#### [DIRECTIONS FOR THIS TASK]
Quote word for word the lines below, beginning with the first and ending with the one that has "J4.1, U3.J2-19 (EXT_5V)". Drop the pictures.

#### [DATA SECTION]
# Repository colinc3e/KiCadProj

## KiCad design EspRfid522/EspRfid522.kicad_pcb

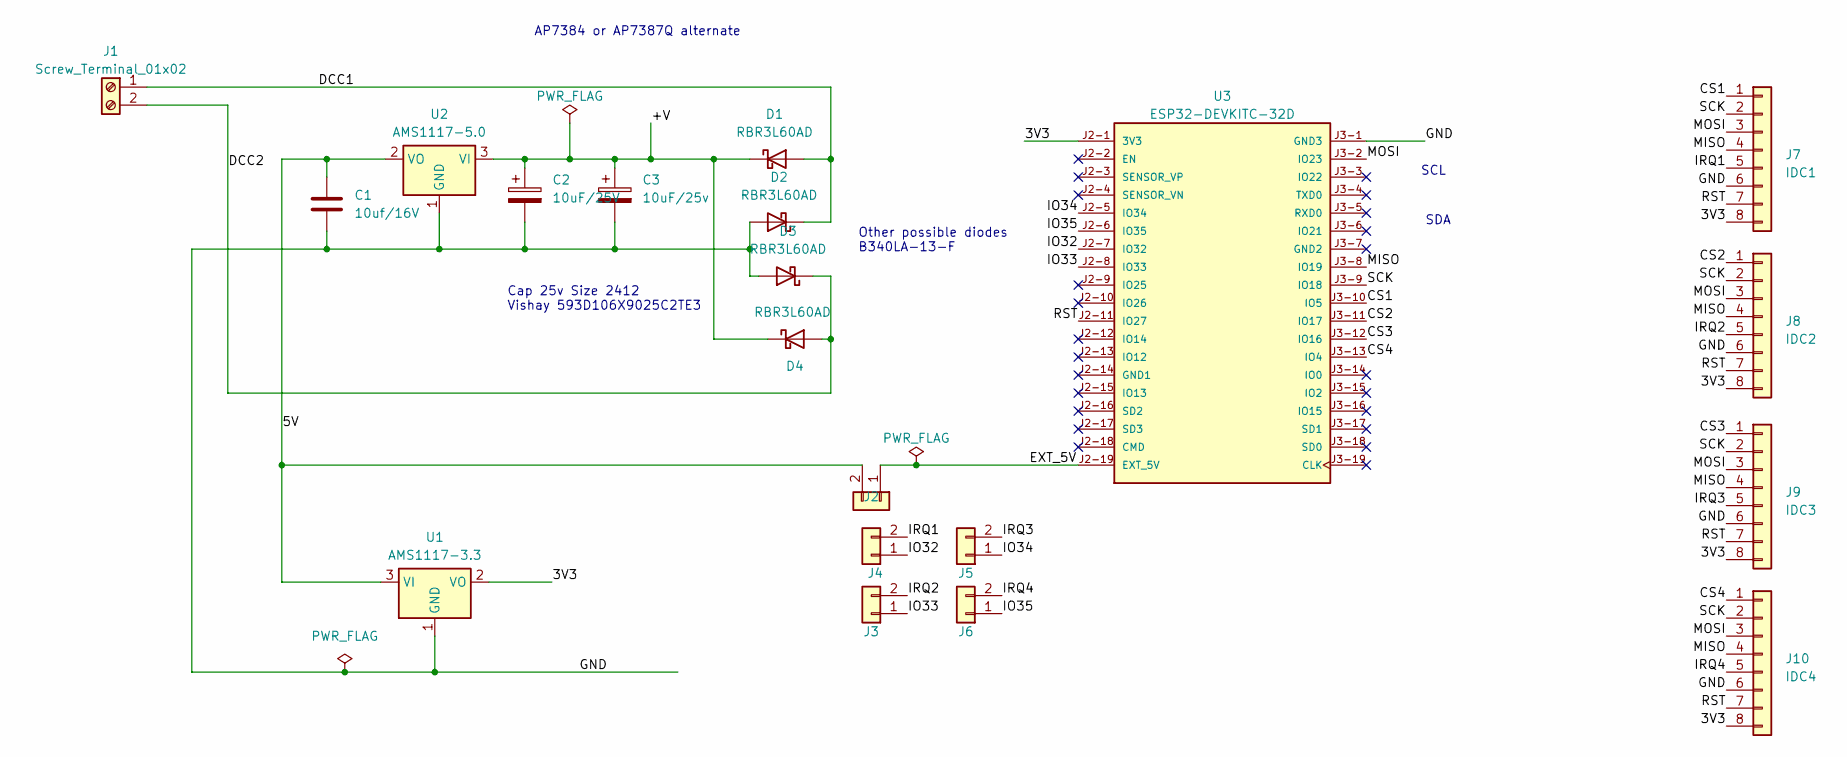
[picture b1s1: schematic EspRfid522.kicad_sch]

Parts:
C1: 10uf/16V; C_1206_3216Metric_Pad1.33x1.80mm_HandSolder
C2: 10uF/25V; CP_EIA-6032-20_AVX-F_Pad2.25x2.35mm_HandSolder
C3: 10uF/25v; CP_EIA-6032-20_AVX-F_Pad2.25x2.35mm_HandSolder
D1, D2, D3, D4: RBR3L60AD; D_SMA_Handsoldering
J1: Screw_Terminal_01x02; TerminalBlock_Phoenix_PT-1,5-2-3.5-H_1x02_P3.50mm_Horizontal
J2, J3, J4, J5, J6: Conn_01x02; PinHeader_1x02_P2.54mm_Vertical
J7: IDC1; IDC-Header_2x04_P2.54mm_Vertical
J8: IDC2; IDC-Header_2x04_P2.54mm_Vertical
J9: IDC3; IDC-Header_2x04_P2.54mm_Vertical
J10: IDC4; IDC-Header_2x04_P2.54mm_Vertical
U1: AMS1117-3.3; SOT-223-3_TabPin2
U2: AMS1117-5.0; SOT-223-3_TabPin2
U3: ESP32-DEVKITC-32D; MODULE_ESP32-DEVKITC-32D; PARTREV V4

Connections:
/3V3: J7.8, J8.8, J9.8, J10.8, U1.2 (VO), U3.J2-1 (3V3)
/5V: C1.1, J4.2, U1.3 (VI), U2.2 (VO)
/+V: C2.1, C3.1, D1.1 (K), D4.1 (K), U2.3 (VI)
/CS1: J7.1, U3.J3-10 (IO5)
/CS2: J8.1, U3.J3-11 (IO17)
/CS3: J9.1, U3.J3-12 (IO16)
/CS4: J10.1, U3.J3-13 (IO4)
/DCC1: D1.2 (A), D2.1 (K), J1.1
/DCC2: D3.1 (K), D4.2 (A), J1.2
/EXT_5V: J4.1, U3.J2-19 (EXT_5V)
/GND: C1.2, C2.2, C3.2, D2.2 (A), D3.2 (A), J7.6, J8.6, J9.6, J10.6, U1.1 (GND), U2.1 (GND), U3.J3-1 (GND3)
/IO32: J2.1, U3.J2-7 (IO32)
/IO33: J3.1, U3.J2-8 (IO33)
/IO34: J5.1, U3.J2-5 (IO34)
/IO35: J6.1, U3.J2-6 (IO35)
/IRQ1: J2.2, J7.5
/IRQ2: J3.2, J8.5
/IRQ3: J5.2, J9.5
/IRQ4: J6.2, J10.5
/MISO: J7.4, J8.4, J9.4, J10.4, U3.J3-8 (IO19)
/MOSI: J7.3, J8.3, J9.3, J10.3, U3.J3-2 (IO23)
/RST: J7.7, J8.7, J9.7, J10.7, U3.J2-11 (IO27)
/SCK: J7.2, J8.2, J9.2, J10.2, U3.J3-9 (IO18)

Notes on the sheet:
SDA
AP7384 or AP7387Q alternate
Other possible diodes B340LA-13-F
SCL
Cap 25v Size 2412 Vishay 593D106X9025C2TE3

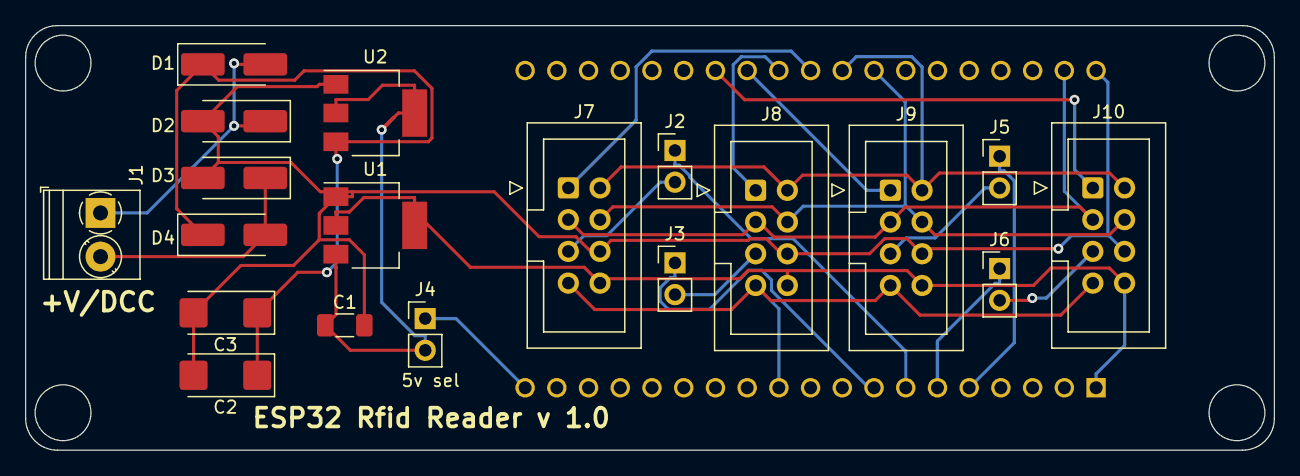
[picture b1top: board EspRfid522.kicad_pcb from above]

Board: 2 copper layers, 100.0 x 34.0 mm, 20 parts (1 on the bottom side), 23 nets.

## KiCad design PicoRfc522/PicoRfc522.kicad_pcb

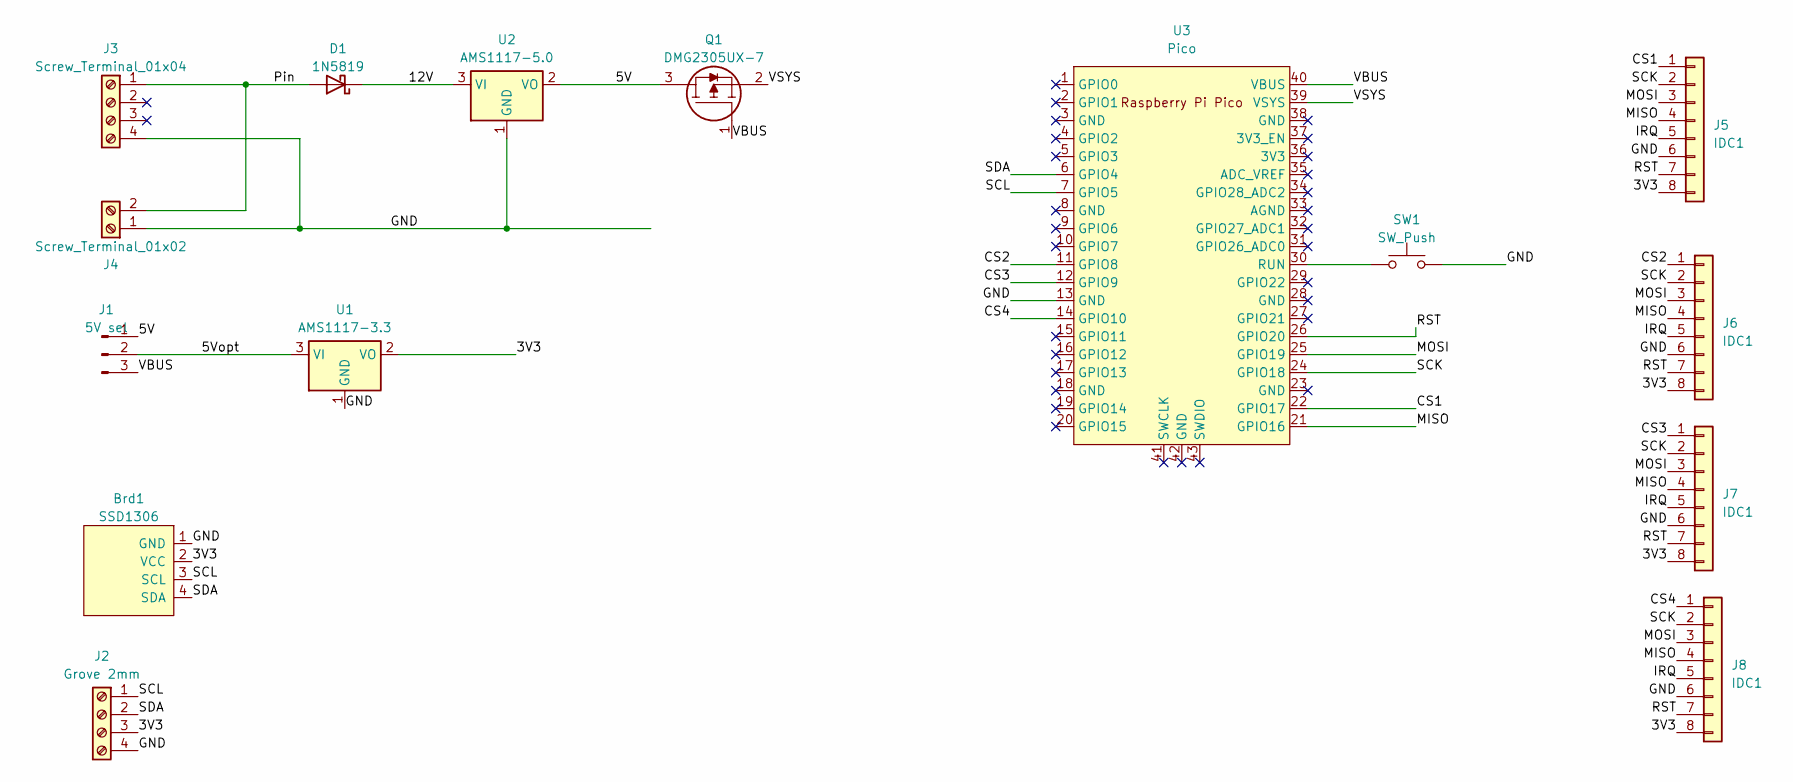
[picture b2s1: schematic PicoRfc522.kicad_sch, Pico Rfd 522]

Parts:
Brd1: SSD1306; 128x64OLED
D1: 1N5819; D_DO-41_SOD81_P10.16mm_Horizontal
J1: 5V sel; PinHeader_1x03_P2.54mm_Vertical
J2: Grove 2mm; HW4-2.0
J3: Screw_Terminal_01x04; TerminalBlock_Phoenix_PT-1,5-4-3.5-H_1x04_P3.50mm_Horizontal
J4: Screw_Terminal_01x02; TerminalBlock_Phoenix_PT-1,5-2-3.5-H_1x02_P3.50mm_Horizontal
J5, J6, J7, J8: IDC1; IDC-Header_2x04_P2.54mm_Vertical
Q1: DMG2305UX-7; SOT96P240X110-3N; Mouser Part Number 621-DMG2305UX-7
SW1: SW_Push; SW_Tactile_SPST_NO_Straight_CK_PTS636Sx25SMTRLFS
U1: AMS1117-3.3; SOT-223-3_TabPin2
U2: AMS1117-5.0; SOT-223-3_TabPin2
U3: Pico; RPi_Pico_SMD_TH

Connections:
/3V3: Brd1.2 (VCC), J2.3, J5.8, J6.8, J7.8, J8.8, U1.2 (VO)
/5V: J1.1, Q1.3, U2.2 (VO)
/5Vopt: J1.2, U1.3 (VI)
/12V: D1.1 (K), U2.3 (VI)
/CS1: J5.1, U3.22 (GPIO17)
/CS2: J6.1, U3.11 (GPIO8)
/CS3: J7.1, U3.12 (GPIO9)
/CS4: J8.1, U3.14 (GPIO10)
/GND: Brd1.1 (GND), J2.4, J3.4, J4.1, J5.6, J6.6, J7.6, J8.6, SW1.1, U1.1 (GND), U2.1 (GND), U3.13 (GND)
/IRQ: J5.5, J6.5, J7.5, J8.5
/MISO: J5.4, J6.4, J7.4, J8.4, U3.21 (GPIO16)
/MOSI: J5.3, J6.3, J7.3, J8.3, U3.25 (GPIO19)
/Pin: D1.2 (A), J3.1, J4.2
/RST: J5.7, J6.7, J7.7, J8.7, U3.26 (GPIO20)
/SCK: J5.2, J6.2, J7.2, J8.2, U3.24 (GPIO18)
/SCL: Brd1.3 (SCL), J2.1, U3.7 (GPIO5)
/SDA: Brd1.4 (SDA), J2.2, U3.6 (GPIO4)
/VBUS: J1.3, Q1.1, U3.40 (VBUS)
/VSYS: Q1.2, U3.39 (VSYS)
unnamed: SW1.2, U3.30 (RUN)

#### [YOUR SOLUTION]
# Repository colinc3e/KiCadProj

## KiCad design EspRfid522/EspRfid522.kicad_pcb

[picture b1s1: schematic EspRfid522.kicad_sch]

Parts:
C1: 10uf/16V; C_1206_3216Metric_Pad1.33x1.80mm_HandSolder
C2: 10uF/25V; CP_EIA-6032-20_AVX-F_Pad2.25x2.35mm_HandSolder
C3: 10uF/25v; CP_EIA-6032-20_AVX-F_Pad2.25x2.35mm_HandSolder
D1, D2, D3, D4: RBR3L60AD; D_SMA_Handsoldering
J1: Screw_Terminal_01x02; TerminalBlock_Phoenix_PT-1,5-2-3.5-H_1x02_P3.50mm_Horizontal
J2, J3, J4, J5, J6: Conn_01x02; PinHeader_1x02_P2.54mm_Vertical
J7: IDC1; IDC-Header_2x04_P2.54mm_Vertical
J8: IDC2; IDC-Header_2x04_P2.54mm_Vertical
J9: IDC3; IDC-Header_2x04_P2.54mm_Vertical
J10: IDC4; IDC-Header_2x04_P2.54mm_Vertical
U1: AMS1117-3.3; SOT-223-3_TabPin2
U2: AMS1117-5.0; SOT-223-3_TabPin2
U3: ESP32-DEVKITC-32D; MODULE_ESP32-DEVKITC-32D; PARTREV V4

Connections:
/3V3: J7.8, J8.8, J9.8, J10.8, U1.2 (VO), U3.J2-1 (3V3)
/5V: C1.1, J4.2, U1.3 (VI), U2.2 (VO)
/+V: C2.1, C3.1, D1.1 (K), D4.1 (K), U2.3 (VI)
/CS1: J7.1, U3.J3-10 (IO5)
/CS2: J8.1, U3.J3-11 (IO17)
/CS3: J9.1, U3.J3-12 (IO16)
/CS4: J10.1, U3.J3-13 (IO4)
/DCC1: D1.2 (A), D2.1 (K), J1.1
/DCC2: D3.1 (K), D4.2 (A), J1.2
/EXT_5V: J4.1, U3.J2-19 (EXT_5V)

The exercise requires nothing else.